======== The data

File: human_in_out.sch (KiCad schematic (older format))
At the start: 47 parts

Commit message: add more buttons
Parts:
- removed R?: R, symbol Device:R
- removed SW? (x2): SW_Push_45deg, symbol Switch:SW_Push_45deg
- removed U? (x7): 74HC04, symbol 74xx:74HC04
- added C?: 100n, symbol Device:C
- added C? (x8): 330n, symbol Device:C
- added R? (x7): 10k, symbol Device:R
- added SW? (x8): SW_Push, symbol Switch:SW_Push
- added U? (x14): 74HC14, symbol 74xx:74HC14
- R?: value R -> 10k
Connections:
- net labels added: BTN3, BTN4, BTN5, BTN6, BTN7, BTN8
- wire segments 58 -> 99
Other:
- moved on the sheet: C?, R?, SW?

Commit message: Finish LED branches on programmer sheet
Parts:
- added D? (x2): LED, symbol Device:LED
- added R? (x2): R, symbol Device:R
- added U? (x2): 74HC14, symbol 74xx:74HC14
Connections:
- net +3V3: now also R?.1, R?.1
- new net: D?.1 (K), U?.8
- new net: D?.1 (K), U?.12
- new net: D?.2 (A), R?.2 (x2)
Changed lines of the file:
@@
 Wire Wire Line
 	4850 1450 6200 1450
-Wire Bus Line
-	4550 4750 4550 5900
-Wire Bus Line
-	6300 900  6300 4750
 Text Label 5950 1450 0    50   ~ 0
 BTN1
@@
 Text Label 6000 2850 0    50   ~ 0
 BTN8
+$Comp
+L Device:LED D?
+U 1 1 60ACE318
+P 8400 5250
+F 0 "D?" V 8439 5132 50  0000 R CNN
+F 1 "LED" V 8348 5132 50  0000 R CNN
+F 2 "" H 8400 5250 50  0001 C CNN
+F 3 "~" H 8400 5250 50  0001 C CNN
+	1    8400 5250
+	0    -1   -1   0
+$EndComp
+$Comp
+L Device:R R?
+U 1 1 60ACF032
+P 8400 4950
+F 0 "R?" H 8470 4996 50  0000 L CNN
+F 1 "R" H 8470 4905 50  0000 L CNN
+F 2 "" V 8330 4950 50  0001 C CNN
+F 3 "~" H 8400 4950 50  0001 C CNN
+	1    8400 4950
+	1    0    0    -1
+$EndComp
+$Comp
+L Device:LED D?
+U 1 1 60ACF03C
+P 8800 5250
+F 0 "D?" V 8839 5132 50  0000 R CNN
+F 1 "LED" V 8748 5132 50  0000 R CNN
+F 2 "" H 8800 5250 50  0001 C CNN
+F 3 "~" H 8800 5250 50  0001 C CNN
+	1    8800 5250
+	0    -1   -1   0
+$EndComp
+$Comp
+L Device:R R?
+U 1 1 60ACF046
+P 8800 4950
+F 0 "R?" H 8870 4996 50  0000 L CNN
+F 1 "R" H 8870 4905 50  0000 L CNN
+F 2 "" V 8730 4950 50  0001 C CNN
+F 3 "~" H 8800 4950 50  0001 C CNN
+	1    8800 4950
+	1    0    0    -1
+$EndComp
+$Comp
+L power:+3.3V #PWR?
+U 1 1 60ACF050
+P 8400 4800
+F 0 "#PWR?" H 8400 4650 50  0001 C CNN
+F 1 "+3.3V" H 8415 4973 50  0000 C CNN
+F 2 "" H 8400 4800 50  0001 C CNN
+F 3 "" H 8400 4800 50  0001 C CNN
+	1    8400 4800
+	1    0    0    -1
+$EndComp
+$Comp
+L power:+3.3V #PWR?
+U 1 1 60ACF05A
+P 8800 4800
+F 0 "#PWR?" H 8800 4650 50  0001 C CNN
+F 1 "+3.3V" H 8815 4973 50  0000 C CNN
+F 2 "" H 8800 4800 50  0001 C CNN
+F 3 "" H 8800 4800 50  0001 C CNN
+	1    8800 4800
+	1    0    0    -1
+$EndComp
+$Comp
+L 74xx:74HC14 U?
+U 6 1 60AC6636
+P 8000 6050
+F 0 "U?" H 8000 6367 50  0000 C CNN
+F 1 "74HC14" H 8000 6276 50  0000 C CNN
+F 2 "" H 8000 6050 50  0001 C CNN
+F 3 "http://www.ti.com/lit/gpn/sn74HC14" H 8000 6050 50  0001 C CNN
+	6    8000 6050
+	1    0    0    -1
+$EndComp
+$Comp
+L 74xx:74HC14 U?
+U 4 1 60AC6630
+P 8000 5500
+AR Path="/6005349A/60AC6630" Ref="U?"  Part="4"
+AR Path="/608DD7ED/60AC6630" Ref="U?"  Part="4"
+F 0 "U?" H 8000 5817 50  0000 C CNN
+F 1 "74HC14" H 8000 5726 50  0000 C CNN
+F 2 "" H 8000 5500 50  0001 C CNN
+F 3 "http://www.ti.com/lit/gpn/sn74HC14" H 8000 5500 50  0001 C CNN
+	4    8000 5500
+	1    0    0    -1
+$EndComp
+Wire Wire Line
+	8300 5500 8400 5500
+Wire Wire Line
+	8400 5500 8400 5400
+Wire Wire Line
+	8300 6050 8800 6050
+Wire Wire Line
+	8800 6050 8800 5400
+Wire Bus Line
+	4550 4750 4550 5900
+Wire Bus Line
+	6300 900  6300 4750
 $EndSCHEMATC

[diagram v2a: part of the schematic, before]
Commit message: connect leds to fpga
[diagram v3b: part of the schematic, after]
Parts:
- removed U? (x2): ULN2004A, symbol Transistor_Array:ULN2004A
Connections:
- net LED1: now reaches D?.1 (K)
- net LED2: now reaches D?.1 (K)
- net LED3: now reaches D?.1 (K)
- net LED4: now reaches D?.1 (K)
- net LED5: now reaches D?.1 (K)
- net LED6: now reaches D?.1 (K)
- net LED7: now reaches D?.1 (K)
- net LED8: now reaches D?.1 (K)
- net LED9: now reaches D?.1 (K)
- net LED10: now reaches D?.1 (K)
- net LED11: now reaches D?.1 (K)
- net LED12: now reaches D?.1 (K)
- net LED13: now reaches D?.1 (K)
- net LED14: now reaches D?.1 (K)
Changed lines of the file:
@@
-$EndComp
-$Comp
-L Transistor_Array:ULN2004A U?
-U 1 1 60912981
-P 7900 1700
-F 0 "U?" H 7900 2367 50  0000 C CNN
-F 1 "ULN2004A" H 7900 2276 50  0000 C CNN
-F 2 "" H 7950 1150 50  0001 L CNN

================

**Task goal:**
Please write out the whole of the material exactly.

**Exercise answer:**
File: human_in_out.sch (KiCad schematic (older format))
At the start: 47 parts

Commit message: add more buttons
Parts:
- removed R?: R, symbol Device:R
- removed SW? (x2): SW_Push_45deg, symbol Switch:SW_Push_45deg
- removed U? (x7): 74HC04, symbol 74xx:74HC04
- added C?: 100n, symbol Device:C
- added C? (x8): 330n, symbol Device:C
- added R? (x7): 10k, symbol Device:R
- added SW? (x8): SW_Push, symbol Switch:SW_Push
- added U? (x14): 74HC14, symbol 74xx:74HC14
- R?: value R -> 10k
Connections:
- net labels added: BTN3, BTN4, BTN5, BTN6, BTN7, BTN8
- wire segments 58 -> 99
Other:
- moved on the sheet: C?, R?, SW?

Commit message: Finish LED branches on programmer sheet
Parts:
- added D? (x2): LED, symbol Device:LED
- added R? (x2): R, symbol Device:R
- added U? (x2): 74HC14, symbol 74xx:74HC14
Connections:
- net +3V3: now also R?.1, R?.1
- new net: D?.1 (K), U?.8
- new net: D?.1 (K), U?.12
- new net: D?.2 (A), R?.2 (x2)
Changed lines of the file:
@@
 Wire Wire Line
 	4850 1450 6200 1450
-Wire Bus Line
-	4550 4750 4550 5900
-Wire Bus Line
-	6300 900  6300 4750
 Text Label 5950 1450 0    50   ~ 0
 BTN1
@@
 Text Label 6000 2850 0    50   ~ 0
 BTN8
+$Comp
+L Device:LED D?
+U 1 1 60ACE318
+P 8400 5250
+F 0 "D?" V 8439 5132 50  0000 R CNN
+F 1 "LED" V 8348 5132 50  0000 R CNN
+F 2 "" H 8400 5250 50  0001 C CNN
+F 3 "~" H 8400 5250 50  0001 C CNN
+	1    8400 5250
+	0    -1   -1   0
+$EndComp
+$Comp
+L Device:R R?
+U 1 1 60ACF032
+P 8400 4950
+F 0 "R?" H 8470 4996 50  0000 L CNN
+F 1 "R" H 8470 4905 50  0000 L CNN
+F 2 "" V 8330 4950 50  0001 C CNN
+F 3 "~" H 8400 4950 50  0001 C CNN
+	1    8400 4950
+	1    0    0    -1
+$EndComp
+$Comp
+L Device:LED D?
+U 1 1 60ACF03C
+P 8800 5250
+F 0 "D?" V 8839 5132 50  0000 R CNN
+F 1 "LED" V 8748 5132 50  0000 R CNN
+F 2 "" H 8800 5250 50  0001 C CNN
+F 3 "~" H 8800 5250 50  0001 C CNN
+	1    8800 5250
+	0    -1   -1   0
+$EndComp
+$Comp
+L Device:R R?
+U 1 1 60ACF046
+P 8800 4950
+F 0 "R?" H 8870 4996 50  0000 L CNN
+F 1 "R" H 8870 4905 50  0000 L CNN
+F 2 "" V 8730 4950 50  0001 C CNN
+F 3 "~" H 8800 4950 50  0001 C CNN
+	1    8800 4950
+	1    0    0    -1
+$EndComp
+$Comp
+L power:+3.3V #PWR?
+U 1 1 60ACF050
+P 8400 4800
+F 0 "#PWR?" H 8400 4650 50  0001 C CNN
+F 1 "+3.3V" H 8415 4973 50  0000 C CNN
+F 2 "" H 8400 4800 50  0001 C CNN
+F 3 "" H 8400 4800 50  0001 C CNN
+	1    8400 4800
+	1    0    0    -1
+$EndComp
+$Comp
+L power:+3.3V #PWR?
+U 1 1 60ACF05A
+P 8800 4800
+F 0 "#PWR?" H 8800 4650 50  0001 C CNN
+F 1 "+3.3V" H 8815 4973 50  0000 C CNN
+F 2 "" H 8800 4800 50  0001 C CNN
+F 3 "" H 8800 4800 50  0001 C CNN
+	1    8800 4800
+	1    0    0    -1
+$EndComp
+$Comp
+L 74xx:74HC14 U?
+U 6 1 60AC6636
+P 8000 6050
+F 0 "U?" H 8000 6367 50  0000 C CNN
+F 1 "74HC14" H 8000 6276 50  0000 C CNN
+F 2 "" H 8000 6050 50  0001 C CNN
+F 3 "http://www.ti.com/lit/gpn/sn74HC14" H 8000 6050 50  0001 C CNN
+	6    8000 6050
+	1    0    0    -1
+$EndComp
+$Comp
+L 74xx:74HC14 U?
+U 4 1 60AC6630
+P 8000 5500
+AR Path="/6005349A/60AC6630" Ref="U?"  Part="4"
+AR Path="/608DD7ED/60AC6630" Ref="U?"  Part="4"
+F 0 "U?" H 8000 5817 50  0000 C CNN
+F 1 "74HC14" H 8000 5726 50  0000 C CNN
+F 2 "" H 8000 5500 50  0001 C CNN
+F 3 "http://www.ti.com/lit/gpn/sn74HC14" H 8000 5500 50  0001 C CNN
+	4    8000 5500
+	1    0    0    -1
+$EndComp
+Wire Wire Line
+	8300 5500 8400 5500
+Wire Wire Line
+	8400 5500 8400 5400
+Wire Wire Line
+	8300 6050 8800 6050
+Wire Wire Line
+	8800 6050 8800 5400
+Wire Bus Line
+	4550 4750 4550 5900
+Wire Bus Line
+	6300 900  6300 4750
 $EndSCHEMATC

[diagram v2a: part of the schematic, before]
Commit message: connect leds to fpga
[diagram v3b: part of the schematic, after]
Parts:
- removed U? (x2): ULN2004A, symbol Transistor_Array:ULN2004A
Connections:
- net LED1: now reaches D?.1 (K)
- net LED2: now reaches D?.1 (K)
- net LED3: now reaches D?.1 (K)
- net LED4: now reaches D?.1 (K)
- net LED5: now reaches D?.1 (K)
- net LED6: now reaches D?.1 (K)
- net LED7: now reaches D?.1 (K)
- net LED8: now reaches D?.1 (K)
- net LED9: now reaches D?.1 (K)
- net LED10: now reaches D?.1 (K)
- net LED11: now reaches D?.1 (K)
- net LED12: now reaches D?.1 (K)
- net LED13: now reaches D?.1 (K)
- net LED14: now reaches D?.1 (K)
Changed lines of the file:
@@
-$EndComp
-$Comp
-L Transistor_Array:ULN2004A U?
-U 1 1 60912981
-P 7900 1700
-F 0 "U?" H 7900 2367 50  0000 C CNN
-F 1 "ULN2004A" H 7900 2276 50  0000 C CNN
-F 2 "" H 7950 1150 50  0001 L CNN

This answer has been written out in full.